Alleged AMD RDNA 5 GPU Diagrams Hint At A Massive 96 Compute Unit Flagship
We're going to use that as a bit of a launching off point to talk about the rumors regarding AMD's "RDNA 5" or, more likely, "UDNA" graphics cards. This architecture will form the basis of the company's next discrete GPUs as well as, supposedly, the next-generation home game consoles from Sony and Microsoft. If the rumors are correct, AMD is doing some pretty wacky stuff with the Alpha Trion series.
So looking at Kepler's diagrams of the two faster GPUs, AT0 and AT2, we can see that AT2 is already a large GPU, with forty UDNA compute units and a 192-bit memory bus. 40 CUs may not sound that big, but the current understanding is that UDNA will double the width of the compute unit. So saying, one UDNA compute unit is purportedly similar in capability to one RDNA 4 WGP, or "dual compute unit."
If that's the case, then AT0 looks absolutely massive. Sixteen 32-bit memory controllers yield a 512-bit memory interface, and 96 UDNA compute units is apparently similar to to 96 RDNA 4 WGPs, which is 192 RDNA 4 compute units. To put that in perspective, the powerful Radeon RX 9070 XT "only" has 64 compute units.
Both of these GPUs are expected to use fast GDDR memory, likely GDDR7, in combination with extremely expanded local caches. Rather than relying on a large "MALL" or chip-level cache as AMD did with RDNA 2 and RDNA 3—a simple but inelegant and expensive solution—AMD is apparently radically redesigning its chips at a lower level, allowing scheduling to happen at the Shader Engine level. This means that larger local caches, like the L0, L1 and L2, are more useful than a massive "Infinity Cache"—and cheaper in terms of die area, too.

Meanwhile, the two smaller chips, supposedly known as AT3 and AT4, are arguably more interesting. AT3 is naturally the larger of the two, and what you might notice is that it appears to have a wider, 256-bit memory bus compared to the considerably more powerful AT2 above. The reason, if we believe Moore's Law is Dead, is because this chip is not in fact a typical discrete GPU, but rather a "GMD", or Graphics Memory Die. It hosts the GPU, as well as the memory interface, and can be used as the memory controller and "integrated" GPU along with a Ryzen SoC die.
As a result, these GPUs supposedly use LPDDR5X or LPDDR6 memory, since GDDR's long latencies would kill single-threaded responsiveness when used as system RAM. This development, in turn, means that AT3 and AT4 can come equipped with absolutely absurd amounts of RAM, because LPDDR5X and LPDDR6 come in denser packages and cost less than the pricey GDDR6/GDDR7.

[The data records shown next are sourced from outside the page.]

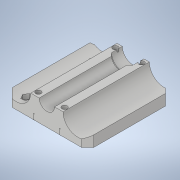
# Autodesk Inventor part: MINI-z-carriage-rear
Saved by Autodesk Inventor 2021 (Build 250183000, 183)
## iProperties
Company: Prusa Development a.s.
RuleStatus: InUse
Created: 2019-07-11
Material: Všeobecné
Document SubType Name: Modeling
Density: 1 g/cm^3
Appearance: Výchozí
Project: ORIGINAL PRUSA MINI
Authority: Ing. Robert Turinský
Author: Ing. Robert Turinský
Title: MINI-z-carriage-rear
Revision Number: R4
Autodesk Inventor part; units mm, degrees
ref_plane "YZ Plane" through (0, 0, 0) normal (1, 0, 0) x (0, 1, 0)
ref_plane "XZ Plane" through (0, 0, 0) normal (0, 1, 0) x (-1, 0, 0)
sketch "Náčrt1" plane through (0, 0, 0) normal (0, 0, 1) x (1, 0, 0)
  line L0 (0, -16.8) -> (0, 2.8) projected
  line L1 (-37.1, 0) -> (37.1, 0) projected
  arc A0 (-5, 0) -> (5, 0) centre (0, 0) ccw
  arc A1 (-26.5, -6.9282) -> (-10.5, 0) centre (-20, 0) ccw
  arc A2 (10.5, 0) -> (26.5, -6.9282) centre (20, 0) ccw
  line L2 (-10.5, 0) -> (-5, 0)
  line L3 (5, 0) -> (10.5, 0)
  line L4 (-26.5, -6.9282) -> (-26.5, -14)
  line L5 (-26.5, -14) -> (26.5, -14)
  line L6 (26.5, -14) -> (26.5, -6.9282)
  dimension "d0" = 19
  dimension "d1" = 10
  dimension "d2" = 40
  dimension "d3" = 53
  dimension "d4" = 14
  constraints: 10 end point, 6 point on circle, 3 centre point, 2 vertical, 1 coincident, 1 equal radius, 1 horizontal, 1 symmetric about line, 8 other
  measures "d0" diameter of A1
  measures "d1" diameter of A0
  measures "d2" distance of A2.centre A1.centre
  measures "d3" distance between parallel lines of L6 L4
  measures "d4" distance of the line from the sketch origin of L5
extrude "Vysunutí1" add sketch "Náčrt1" along normal mid plane 56 contours L5 L4 A1 L1 A0 L0 | L0 A0 L1 A2 L6 L5
sketch "Náčrt2" plane through (0, 0, -28) normal (0, 0, -1) x (-1, 0, 0)
  circle A0 centre (0, 0) radius 7
  point P0 (0, -9.5)
  dimension "d7" = 14
  dimension "d13" = 9.5
  constraints: 1 centre point, 1 coincident, 1 vertical alignment
  measures "d7" diameter of A0
  measures "d13" distance of point (0, 0) point (0, -9.5)
extrude "Vysunutí2" cut sketch "Náčrt2" against normal blind 7
chamfer "Zkosení1" distance 2 angle 45 1 edges at (0, -5, -21)
hole "Díra1" at (0, -9.5, -28) direction (0, 0, 1) diameter 3.4 depth 16 countersink diameter 4 countersink angle 60
sketch "Náčrt4" plane through (-26.5, -14, 28) normal (0, -1, 0) x (1, 0, 0)
  line L0 (26.5, -67.2) -> (26.5, 11.2) projected
  line L1 (-10.6, -28) -> (63.6, -28) projected
  line L2 (53, -56) -> (0, -56) projected
  line L3 (0, 0) -> (53, 0) projected
  point P0 (26.5, -28)
  point P1 (18, -3)
  point P2 (35, -3)
  point P3 (18, -53)
  point P4 (35, -53)
  dimension "d24" = 17
  dimension "d25" = 3
  dimension "d121" = 50
  constraints: 2 symmetric about line, 1 vertical alignment
  measures "d24" distance of point (35, -53) point (18, -53)
  measures "d25" distance from line of point (35, -53) L2
  measures "d121" distance of point (35, -3) point (35, -53)
hole "Díra2" at (-8.5, -14, 25) at (8.5, -14, 25) at (-8.5, -14, -25) at (8.5, -14, -25) direction (0, 1, 0) diameter 3.4 end through all counterbore diameter 6 counterbore depth 4.1
ref_plane "Pracovní rovina1" through (-26.5, -12.5, 28) normal (0, -1, 0) x (1, 0, 0)
sketch "Náčrt5" plane through (-26.5, -12.5, 28) normal (0, -1, 0) x (1, 0, 0)
  line L0 (26.5, -67.2) -> (26.5, 11.2) projected
  line L1 (-10.6, -28) -> (63.6, -28) projected
  circle A0 centre (8, -6) radius 1.7
  line L2 (0, 0) -> (53, 0) projected
  circle A1 centre (9.5, -48) radius 1.7
  line L3 (9.6166, -3.2) -> (11.2332, -6)
  line L4 (11.2332, -6) -> (9.6166, -8.8)
  line L5 (9.6166, -8.8) -> (6.3834, -8.8)
  line L6 (6.3834, -8.8) -> (4.7668, -6)
  line L7 (4.7668, -6) -> (6.3834, -3.2)
  line L8 (6.3834, -3.2) -> (9.6166, -3.2)
  line L9 (11.1166, -45.2) -> (12.7332, -48)
  line L10 (12.7332, -48) -> (11.1166, -50.8)
  line L11 (11.1166, -50.8) -> (7.8834, -50.8)
  line L12 (7.8834, -50.8) -> (6.2668, -48)
  line L13 (6.2668, -48) -> (7.8834, -45.2)
  line L14 (7.8834, -45.2) -> (11.1166, -45.2)
  point P0 (26.5, -28)
  dimension "d35" = 3.4
  dimension "d36" = 18.5
  dimension "d37" = 6
  dimension "d38" = 42
  dimension "d39" = 17
  dimension "d40" = 5.6
  constraints: 24 end point, 2 centre point, 2 coincident, 2 horizontal, 1 equal radius, 1 parallel, 26 other
  measures "d35" diameter of A0
  measures "d36" distance from line of L0 A0.centre
  measures "d37" distance from line of L2 A0.centre
  measures "d38" vertical distance of A1.centre A0.centre
  measures "d39" distance from line of L0 A1.centre
  measures "d40" distance between parallel lines of L5 L8
extrude "Vysunutí3" cut sketch "Náčrt5" along normal through all contours A0 | A1
extrude "Vysunutí4" cut sketch "Náčrt5" against normal through all contours A0 | A1 | L3 L4 L5 L6 L7 L8 | L9 L10 L11 L12 L13 L14
sketch "Náčrt6" plane through (-26.5, -14, 28) normal (0, -1, 0) x (1, 0, 0)
  circle A0 centre (47.5, -11) radius 3.25
  circle A1 centre (41.9, -44.9) radius 1.5
  circle A2 centre (4.5, -12) radius 1.5
  line L0 (26.5, -67.2) -> (26.5, 11.2) projected
  line L1 (-10.6, -28) -> (63.6, -28) projected
  line L2 (0, 0) -> (53, 0) projected
  point P0 (26.5, -28)
  dimension "d45" = 6.5
  dimension "d46" = 22
  dimension "d47" = 12
  dimension "d48" = 3
  dimension "d49" = 21
  dimension "d50" = 11
  dimension "d51" = 15.4
  dimension "d52" = 44.9
  dimension "d53" = 3
  constraints: 3 centre point
  measures "d45" diameter of A0
  measures "d46" distance from line of L0 A2.centre
  measures "d47" distance from line of A2.centre L2
  measures "d48" diameter of A2
  measures "d49" distance from line of L0 A0.centre
  measures "d50" distance from line of L2 A0.centre
  measures "d51" distance from line of L0 A1.centre
  measures "d52" distance from line of L2 A1.centre
  measures "d53" diameter of A1
extrude "Vysunutí5" cut sketch "Náčrt6" against normal blind 2 contours A1 | A2
extrude "Vysunutí6" cut sketch "Náčrt6" against normal blind 3 contours A0
chamfer "Zkosení2" distance 4 angle 45 2 edges at (-26.5, -10.4641, 28) (26.5, -10.4641, 28)
chamfer "Zkosení3" distance 5.5 angle 45 1 edges at (26.5, -10.4641, -28)
chamfer "Zkosení4" distance 1.5 angle 45 1 edges at (-26.5, -10.4641, -28)
ref_plane "Pracovní rovina2" through (0, 0, -18) normal (0, 0, -1) x (-1, 0, 0)
sketch "Náčrt7" plane through (0, 0, -18) normal (0, 0, -1) x (-1, 0, 0)
  line L0 (-17.75, -14) -> (-24.25, -14) projected
  line L1 (-13.9, -14) -> (-16.9, -14) projected
  line L2 (23.5, -14) -> (20.5, -14) projected
  line L3 (20.2, -14) -> (16.8, -14) projected
  line L4 (18.7, -14) -> (15.3, -14) projected
  line L5 (11.5, -14) -> (5.5, -14) projected
  line L6 (11.5, -14) -> (5.5, -14) projected
  line L7 (-5.5, -14) -> (-11.5, -14) projected
  line L8 (-5.5, -14) -> (-11.5, -14) projected
  line L9 (25, -14) -> (26.5, -14) projected
  line L10 (-21, -14) -> (-8.5, -14) projected
  line L11 (-26.5, -14) -> (-21, -14) projected
  line L12 (-22.5, -14) -> (-26.5, -14) projected
  line L13 (22.5, -14) -> (8.5, -14) projected
  line L14 (26.5, -14) -> (22.5, -14) projected
  circle A0 centre (0, -9.5) radius 1.7 projected
  line L15 (22.5, -14) -> (-22.5, -14) projected
  line L16 (2.8, -14) -> (-2.8, -14)
  line L17 (-2.8, -14) -> (-2.8, -6.7)
  line L18 (-2.8, -6.7) -> (2.8, -6.7)
  line L19 (2.8, -6.7) -> (2.8, -14)
  line L20 (2.8, -14) -> (1.7, -14)
  line L21 (1.7, -14) -> (1.7, -6.7)
  line L22 (1.7, -6.7) -> (2.8, -6.7)
  line L23 (2.8, -6.7) -> (2.8, -14)
  line L24 (2.8, -6.7) -> (-2.8, -6.7)
  line L25 (-2.8, -6.7) -> (-2.8, -7.8)
  line L26 (-2.8, -7.8) -> (2.8, -7.8)
  line L27 (2.8, -7.8) -> (2.8, -6.7)
  line L28 (-2.8, -6.7) -> (-1.7, -6.7)
  line L29 (-1.7, -6.7) -> (-1.7, -14)
  line L30 (-1.7, -14) -> (-2.8, -14)
  line L31 (-2.8, -14) -> (-2.8, -6.7)
  line L32 (-2.8, -14) -> (2.8, -14)
  line L33 (2.8, -14) -> (2.8, -11.2)
  line L34 (2.8, -11.2) -> (-2.8, -11.2)
  line L35 (-2.8, -11.2) -> (-2.8, -14)
  line L36 (-8.5, -14) -> (-22.5, -14) projected
  line L37 (8.5, -14) -> (-8.5, -14) projected
  line L38 (8.5, -14) -> (25, -14) projected
  line L39 (-8.5, -14) -> (8.5, -14) projected
  point P0 (0, 0)
  point P1 (0, -14)
  dimension "d68" = 5.6
  dimension "d69" = 2.8
  constraints: 40 end point, 10 parallel, 5 horizontal, 5 perpendicular, 4 point on line, 4 tangent, 1 midpoint, 1 vertical alignment, 2 other
  measures "d68" distance of L17.end L18.end
  measures "d69" distance from line of L18 A0.centre
extrude "Vysunutí7" cut sketch "Náčrt7" along normal blind 2.6
extrude "Vysunutí8" add sketch "Náčrt7" along normal blind 0.3 contours L21 L26 L19 L34 | L34 L19 L15 L21 | L21 L18 L19 L26 | L29 L34 L17 L26 | L26 L17 L18 L29 | L29 L15 L17 L34
extrude "Vysunutí9" add sketch "Náčrt7" along normal blind 0.6 contours L26 L29 L18 L21 | L34 L21 L15 L29 | L34 L19 L15 L21 | L21 L18 L19 L26 | L26 L17 L18 L29 | L29 L15 L17 L34
chamfer "Zkosení5" distance 0.5 angle 60 4 edges at (2.8, -14, -19.6) (0, -14, -20.6) (-2.8, -14, -19.6) (0, -14, -18.6) measured on face at (0, -14, -18.5) measured on face at (0, -14, -21.1) measured on face at (-3.3, -14, -19.6) measured on face at (3.3, -14, -19.6)
ref_plane "Pracovní rovina3" through (0, 0, 16) normal (0, 0, 1) x (1, 0, 0)
sketch "Náčrt8" plane through (0, 0, 16) normal (0, 0, 1) x (1, 0, 0)
  line L0 (24.25, -14) -> (17.75, -14) projected
  line L1 (16.9, -14) -> (13.9, -14) projected
  line L2 (-20.5, -14) -> (-23.5, -14) projected
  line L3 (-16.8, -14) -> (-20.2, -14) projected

It will be fascinating to see how discrete GPUs with LPDDR5X or LPDDR6 memory perform. We suspect that the memory bandwidth bottleneck is actually overstated and that performance will be better than most expect. We've done a lot of testing lately on this topic and found that there's definitely a threshold where more memory bandwidth doesn't help. As long as these GPUs can meet that 'threshold', they're golden.
Of course, this is ultimately all speculation based on rumors and the Instinct MI400's specifications, so take it with a whole packet of salt. AMD has said very little about RDNA 5 or UDNA, and we don't even know if the chips are at tape-out phase yet. Hopefully AMD does deign to deliver some information about its next-generation GPUs soon, because these rumors are getting wild.